### TASK OBJECTIVE
Beneath this task are records; print exactly the stretch of them from the line with "#21=DIRECTION('',(1.,0.,0.));" through the line with "#39=VERTEX_POINT('',#38);", both ends included.
==== EXERCISE INPUTS ====
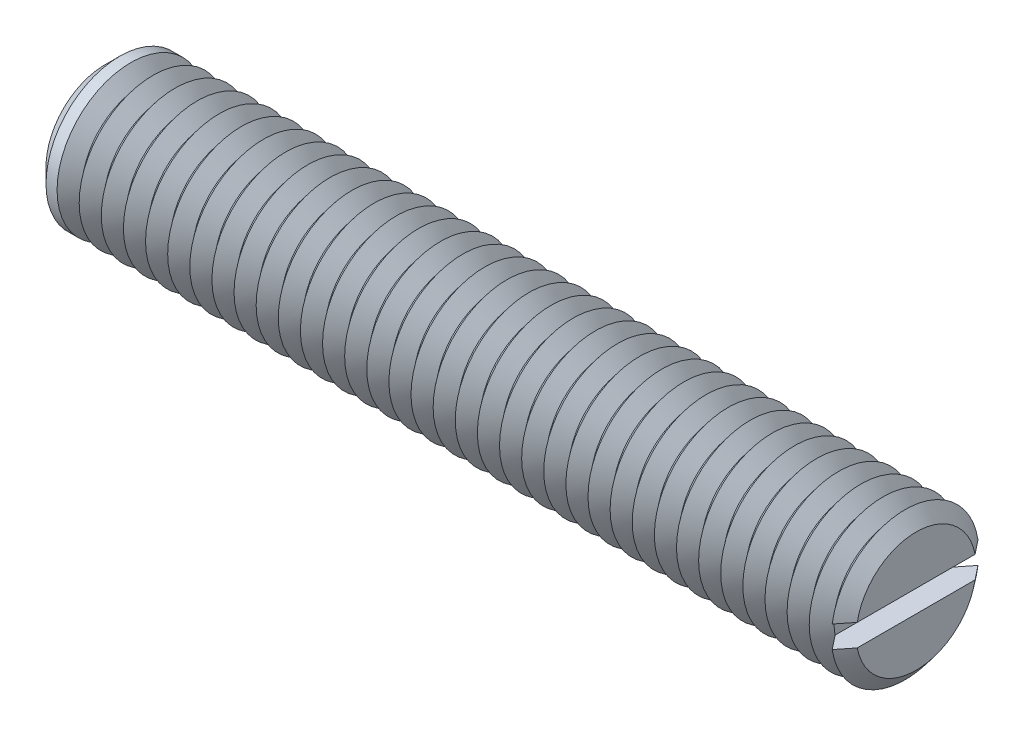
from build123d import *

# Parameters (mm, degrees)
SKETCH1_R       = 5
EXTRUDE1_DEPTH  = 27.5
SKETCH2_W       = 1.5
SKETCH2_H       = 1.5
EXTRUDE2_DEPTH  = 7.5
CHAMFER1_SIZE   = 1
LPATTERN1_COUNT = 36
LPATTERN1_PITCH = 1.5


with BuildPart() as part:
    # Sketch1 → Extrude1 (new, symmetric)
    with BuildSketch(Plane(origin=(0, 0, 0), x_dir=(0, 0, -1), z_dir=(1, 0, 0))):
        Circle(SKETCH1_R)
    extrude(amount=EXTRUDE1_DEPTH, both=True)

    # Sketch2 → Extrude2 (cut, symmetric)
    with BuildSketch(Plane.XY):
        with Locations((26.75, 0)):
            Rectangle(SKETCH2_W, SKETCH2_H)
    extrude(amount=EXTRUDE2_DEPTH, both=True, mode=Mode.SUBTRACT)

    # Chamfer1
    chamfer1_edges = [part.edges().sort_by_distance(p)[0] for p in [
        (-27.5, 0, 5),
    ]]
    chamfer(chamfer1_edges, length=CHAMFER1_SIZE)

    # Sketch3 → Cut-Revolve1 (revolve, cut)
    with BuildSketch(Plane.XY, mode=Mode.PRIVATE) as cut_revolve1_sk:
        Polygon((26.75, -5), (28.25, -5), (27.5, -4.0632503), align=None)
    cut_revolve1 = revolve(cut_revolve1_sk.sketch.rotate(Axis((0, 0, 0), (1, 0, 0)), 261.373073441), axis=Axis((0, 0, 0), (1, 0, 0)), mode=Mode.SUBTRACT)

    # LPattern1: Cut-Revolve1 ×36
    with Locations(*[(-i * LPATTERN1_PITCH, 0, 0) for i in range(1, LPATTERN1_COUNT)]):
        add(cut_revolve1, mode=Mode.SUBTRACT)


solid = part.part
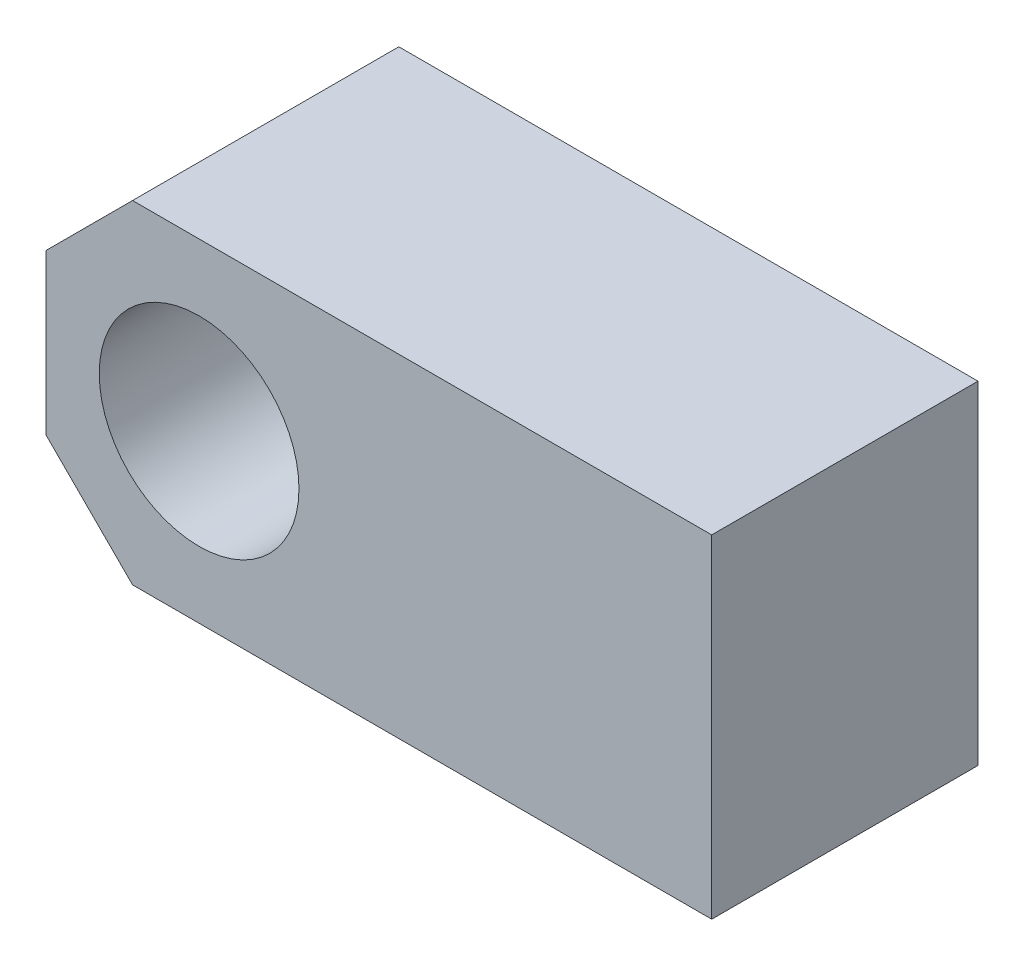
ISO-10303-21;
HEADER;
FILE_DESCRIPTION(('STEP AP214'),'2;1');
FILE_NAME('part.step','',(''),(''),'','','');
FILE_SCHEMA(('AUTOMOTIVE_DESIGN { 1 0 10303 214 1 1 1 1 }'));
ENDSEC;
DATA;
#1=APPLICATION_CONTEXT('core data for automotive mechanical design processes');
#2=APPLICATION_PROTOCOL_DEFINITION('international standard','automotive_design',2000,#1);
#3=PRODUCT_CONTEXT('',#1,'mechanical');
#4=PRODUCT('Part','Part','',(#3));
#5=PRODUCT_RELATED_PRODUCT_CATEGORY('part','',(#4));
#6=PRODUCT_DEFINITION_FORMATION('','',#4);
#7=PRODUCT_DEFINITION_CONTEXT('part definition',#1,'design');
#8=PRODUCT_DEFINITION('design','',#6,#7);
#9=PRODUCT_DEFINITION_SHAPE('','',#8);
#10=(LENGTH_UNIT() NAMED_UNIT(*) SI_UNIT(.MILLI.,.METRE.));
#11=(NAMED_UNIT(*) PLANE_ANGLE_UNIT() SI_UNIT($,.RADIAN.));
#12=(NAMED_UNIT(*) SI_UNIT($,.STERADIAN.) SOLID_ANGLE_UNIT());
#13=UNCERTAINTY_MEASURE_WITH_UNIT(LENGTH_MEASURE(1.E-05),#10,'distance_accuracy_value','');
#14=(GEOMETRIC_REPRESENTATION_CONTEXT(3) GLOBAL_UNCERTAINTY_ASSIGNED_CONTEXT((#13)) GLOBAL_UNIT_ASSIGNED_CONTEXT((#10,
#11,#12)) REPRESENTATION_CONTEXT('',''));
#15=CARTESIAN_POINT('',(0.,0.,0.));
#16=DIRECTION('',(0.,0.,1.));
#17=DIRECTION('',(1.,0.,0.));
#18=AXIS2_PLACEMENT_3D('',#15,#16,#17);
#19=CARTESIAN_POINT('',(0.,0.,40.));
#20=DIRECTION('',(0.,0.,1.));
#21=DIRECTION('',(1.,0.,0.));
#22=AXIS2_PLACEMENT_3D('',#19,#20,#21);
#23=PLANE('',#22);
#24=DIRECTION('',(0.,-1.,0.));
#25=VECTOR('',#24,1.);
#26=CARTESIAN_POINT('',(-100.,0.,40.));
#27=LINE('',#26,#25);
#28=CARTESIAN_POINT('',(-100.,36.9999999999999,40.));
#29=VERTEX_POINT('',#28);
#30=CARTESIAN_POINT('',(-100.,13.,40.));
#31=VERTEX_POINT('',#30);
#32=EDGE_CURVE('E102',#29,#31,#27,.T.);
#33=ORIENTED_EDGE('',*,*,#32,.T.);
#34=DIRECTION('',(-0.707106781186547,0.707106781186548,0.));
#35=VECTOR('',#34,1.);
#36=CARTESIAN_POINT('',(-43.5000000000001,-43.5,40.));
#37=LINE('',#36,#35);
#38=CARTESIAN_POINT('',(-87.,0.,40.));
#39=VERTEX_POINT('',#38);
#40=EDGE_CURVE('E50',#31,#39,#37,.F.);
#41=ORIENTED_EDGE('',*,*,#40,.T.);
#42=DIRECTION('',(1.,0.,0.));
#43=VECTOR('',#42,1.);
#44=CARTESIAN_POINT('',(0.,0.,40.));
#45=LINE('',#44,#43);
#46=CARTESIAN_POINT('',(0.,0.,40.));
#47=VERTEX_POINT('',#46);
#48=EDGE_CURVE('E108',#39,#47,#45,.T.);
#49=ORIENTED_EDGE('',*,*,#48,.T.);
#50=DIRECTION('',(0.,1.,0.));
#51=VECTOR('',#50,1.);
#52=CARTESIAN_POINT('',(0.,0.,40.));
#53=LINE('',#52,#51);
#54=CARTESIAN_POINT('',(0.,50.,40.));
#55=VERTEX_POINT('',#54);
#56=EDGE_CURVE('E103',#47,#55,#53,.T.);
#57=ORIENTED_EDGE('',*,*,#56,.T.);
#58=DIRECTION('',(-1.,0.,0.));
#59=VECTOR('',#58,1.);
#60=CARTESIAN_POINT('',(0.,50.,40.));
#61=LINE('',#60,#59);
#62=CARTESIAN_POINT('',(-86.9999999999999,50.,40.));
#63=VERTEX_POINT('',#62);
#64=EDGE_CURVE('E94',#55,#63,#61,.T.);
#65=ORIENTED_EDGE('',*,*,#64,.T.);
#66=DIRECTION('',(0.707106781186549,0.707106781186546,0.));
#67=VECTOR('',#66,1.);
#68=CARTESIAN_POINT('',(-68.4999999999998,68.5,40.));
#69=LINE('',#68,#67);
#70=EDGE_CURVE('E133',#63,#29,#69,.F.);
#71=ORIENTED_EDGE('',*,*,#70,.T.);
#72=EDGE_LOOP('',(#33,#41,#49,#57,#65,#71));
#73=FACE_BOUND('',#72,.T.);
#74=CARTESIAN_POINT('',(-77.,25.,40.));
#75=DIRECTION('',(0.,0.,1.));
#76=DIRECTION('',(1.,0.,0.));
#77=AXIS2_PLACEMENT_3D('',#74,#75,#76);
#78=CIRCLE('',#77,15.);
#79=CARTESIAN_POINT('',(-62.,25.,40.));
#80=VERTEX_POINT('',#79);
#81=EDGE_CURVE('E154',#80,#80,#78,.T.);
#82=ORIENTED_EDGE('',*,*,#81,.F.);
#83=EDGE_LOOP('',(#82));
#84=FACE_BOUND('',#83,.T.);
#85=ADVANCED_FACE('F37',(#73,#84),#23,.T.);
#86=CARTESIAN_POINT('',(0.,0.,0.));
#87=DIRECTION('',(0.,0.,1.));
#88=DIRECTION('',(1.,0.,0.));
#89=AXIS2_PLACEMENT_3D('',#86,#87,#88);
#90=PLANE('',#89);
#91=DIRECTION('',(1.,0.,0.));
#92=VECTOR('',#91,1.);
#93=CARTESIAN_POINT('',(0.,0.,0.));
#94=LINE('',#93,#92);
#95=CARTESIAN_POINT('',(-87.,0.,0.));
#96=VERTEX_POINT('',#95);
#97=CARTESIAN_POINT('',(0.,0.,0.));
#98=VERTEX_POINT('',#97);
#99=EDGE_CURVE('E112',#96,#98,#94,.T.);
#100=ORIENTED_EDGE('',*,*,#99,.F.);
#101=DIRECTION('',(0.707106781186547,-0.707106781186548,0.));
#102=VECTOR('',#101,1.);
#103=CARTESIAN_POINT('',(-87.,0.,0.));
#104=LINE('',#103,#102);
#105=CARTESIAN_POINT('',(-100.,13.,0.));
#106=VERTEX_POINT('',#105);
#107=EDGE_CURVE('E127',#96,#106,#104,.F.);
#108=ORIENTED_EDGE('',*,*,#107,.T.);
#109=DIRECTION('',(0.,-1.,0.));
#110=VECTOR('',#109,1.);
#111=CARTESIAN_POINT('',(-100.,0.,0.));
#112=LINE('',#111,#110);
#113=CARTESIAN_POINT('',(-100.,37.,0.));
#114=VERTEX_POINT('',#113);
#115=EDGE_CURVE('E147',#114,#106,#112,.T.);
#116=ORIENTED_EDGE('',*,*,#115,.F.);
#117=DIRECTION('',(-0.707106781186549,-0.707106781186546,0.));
====
### WRITTEN REPLY
#21=DIRECTION('',(1.,0.,0.));
#22=AXIS2_PLACEMENT_3D('',#19,#20,#21);
#23=PLANE('',#22);
#24=DIRECTION('',(0.,-1.,0.));
#25=VECTOR('',#24,1.);
#26=CARTESIAN_POINT('',(-100.,0.,40.));
#27=LINE('',#26,#25);
#28=CARTESIAN_POINT('',(-100.,36.9999999999999,40.));
#29=VERTEX_POINT('',#28);
#30=CARTESIAN_POINT('',(-100.,13.,40.));
#31=VERTEX_POINT('',#30);
#32=EDGE_CURVE('E102',#29,#31,#27,.T.);
#33=ORIENTED_EDGE('',*,*,#32,.T.);
#34=DIRECTION('',(-0.707106781186547,0.707106781186548,0.));
#35=VECTOR('',#34,1.);
#36=CARTESIAN_POINT('',(-43.5000000000001,-43.5,40.));
#37=LINE('',#36,#35);
#38=CARTESIAN_POINT('',(-87.,0.,40.));
#39=VERTEX_POINT('',#38);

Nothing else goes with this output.